# Half-bald or fully bald?



## Tad (Feb 27, 2009)

I'm not sure if this is better here or in the Lounge or the Fashion board, but I did it here given that I'm not thin, and that may change how people look at it.

I'm essentially half bald these days. For a few years I've periodically shaven off the remaining fluff from the front and top of my head.....and these days the 'top' now stretches some distance onto the back. The sides and the rest of the back I've kept at a moderate length, not a brush cut, long enough to be able to brush it, but not long by any means. In the winter months my hair is fairly deep brown, contrasting pretty strongly with very white skin (in the summer my hair turns more golden brown, and my skin tans fairly brown, so the contrast is not so strong).

I'm wondering if it is time to just shave it all off? I used to love my hair and even be a bit vain about it, but it has been on its way out for long enough that I'm getting used to the inevitable. 

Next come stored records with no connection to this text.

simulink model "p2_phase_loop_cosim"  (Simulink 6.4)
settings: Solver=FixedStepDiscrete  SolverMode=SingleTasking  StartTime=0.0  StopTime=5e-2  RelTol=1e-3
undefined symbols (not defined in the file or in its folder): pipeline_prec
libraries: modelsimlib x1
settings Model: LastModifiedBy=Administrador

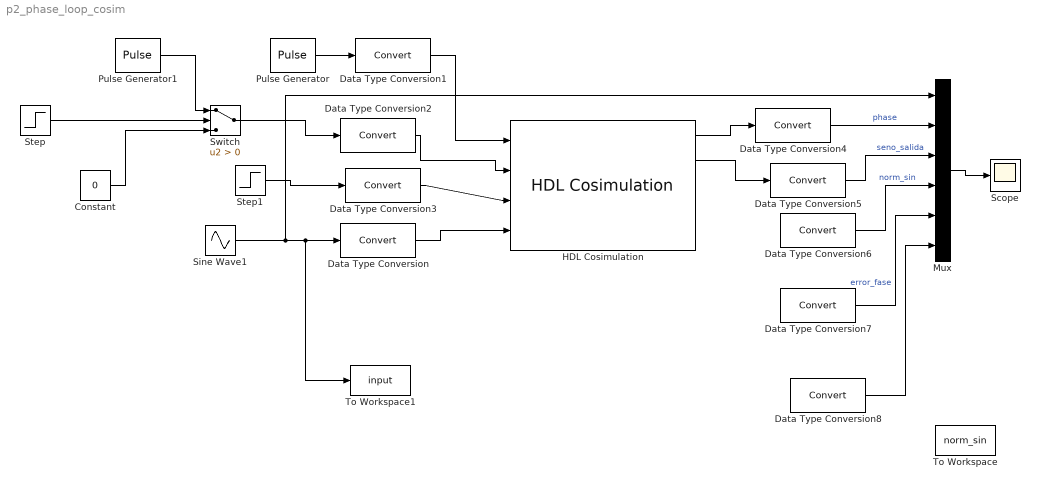
== system p2_phase_loop_cosim ==
  Constant : Constant  Value=0  OutDataType=sfix(16)  ConRadixGroup=Use specified scaling  OutScaling=2^0  SampleTime=1e-7  FramePeriod=inf
  Data Type Conversion : DataTypeConversion  OutDataTypeMode=Specify via dialog  OutScaling=2^(-pipeline_prec)  RndMeth=Nearest  SaturateOnIntegerOverflow=on
  Data Type Conversion1 : DataTypeConversion  OutDataTypeMode=boolean  SampleTime=1e-7
  Data Type Conversion2 : DataTypeConversion  OutDataTypeMode=boolean
  Data Type Conversion3 : DataTypeConversion  OutDataTypeMode=boolean
  Data Type Conversion{4..8} (5 alike) : DataTypeConversion
  HDL Cosimulation : modelsimlib/HDL Cosimulation  DialogController=modelsimddg.CoSim  DialogControllerArgs=DataTag0  PortPaths=/p2_phase_loop/clk;/p2_phase_loop/run;/p2_phase_loop/rst;/p2_phase_loop/input;/p2_phase_loop/phase;/p2_phase_loop/norm_sin;/p2_phase_loop/done;/p2_phase_loop/phase_det_i/phase_error;/p2_phase_loop/iir_1st_ord/o  PortModes=[1 1 1 1 2 2 2 2 2 ]  PortTimes=[1,1,1,1,1e-5,1e-5,1e-5,1e-5,1e-5]  PortSigns=[-1 -1 -1 -1 1 1 -1 1 1 ]  PortFracLengths=[0,0,0,0,pipeline_prec,pipeline_prec,0,pipeline_prec,pipeline_prec]  CommLocal=on  CommSharedMemory=off  CommPortNumber=4449  CommShowInfo=on  ClockModes=[]  ClockTimes=[]  TclPreSimCommand="echo \"Running Simulink Cosimulation block.\""  TclPostSimCommand="echo \"done\""  TimingMode=s  TimingScaleFactor=1  idxCellArray={'UNUSED_VAR'}
  Mux : Mux  Inputs=6
  Pulse Generator : DiscretePulseGenerator  PulseType=Time based  Period=1/(1e6)  PulseWidth=50
  Pulse Generator1 : DiscretePulseGenerator  PulseType=Time based  Period=0.1e-3  PulseWidth=2
  Scope : Scope
      settings: YMin=-3.5  YMax=3.5  MaxDataPoints=500000
  Sine Wave1 : Sin  Frequency=2*pi*50.05  Phase=1  SampleTime=1e-7
  Step : Step  Time=4*(1/1e6)  SampleTime=1e-7
  Step1 : Step  Time=6*(1/1e6)  Before=1  After=0  SampleTime=1e-7
  Switch : Switch  Criteria=u2 > Threshold  RndMeth=Nearest  ZeroCross=off  SampleTime=1e-7
  To Workspace : ToWorkspace  VariableName=norm_sin  SampleTime=-1  SaveFormat=Structure With Time
      settings: MaxDataPoints=3000
  To Workspace1 : ToWorkspace  VariableName=input  SampleTime=-1  SaveFormat=Structure With Time
      settings: MaxDataPoints=200000
  wires:
  Data Type Conversion/1 -> HDL Cosimulation/4
  Sine Wave1/1 -> Mux/1, Data Type Conversion/1, To Workspace1/1
  Pulse Generator/1 -> Data Type Conversion1/1
  Data Type Conversion1/1 -> HDL Cosimulation/1
  Switch/1 -> Data Type Conversion2/1
  Data Type Conversion2/1 -> HDL Cosimulation/2
  Step1/1 -> Data Type Conversion3/1
  Data Type Conversion3/1 -> HDL Cosimulation/3
  Constant/1 -> Switch/3
  Step/1 -> Switch/2
  Pulse Generator1/1 -> Switch/1
  HDL Cosimulation/1 -> Data Type Conversion4/1
  Data Type Conversion4/1 -> Mux/2  "phase"
  Data Type Conversion5/1 -> Mux/3  "seno_salida"
  Data Type Conversion6/1 -> Mux/4  "norm_sin"
  Data Type Conversion7/1 -> Mux/5  "error_fase"
  HDL Cosimulation/2 -> Data Type Conversion5/1
  Data Type Conversion8/1 -> Mux/6
  Mux/1 -> Scope/1

What do you think, does bald look better or worse than half-bald? Does it look better on some skulls than others, and if so which kinds?


----------



## BLUEeyedBanshee (Feb 27, 2009)

As long as you don't have a lumpy head bald will look great...IMHO.

My guy is shaving it all off with a few co-workers in April. I'm wondering how his head looks sans hair. Should be fun.


----------



## WhiteHotRazor (Feb 27, 2009)

I can't speak for you, but me personally if I ever lose my hair to that point I will shave it all off.


----------



## BeautifulPoeticDisaster (Feb 27, 2009)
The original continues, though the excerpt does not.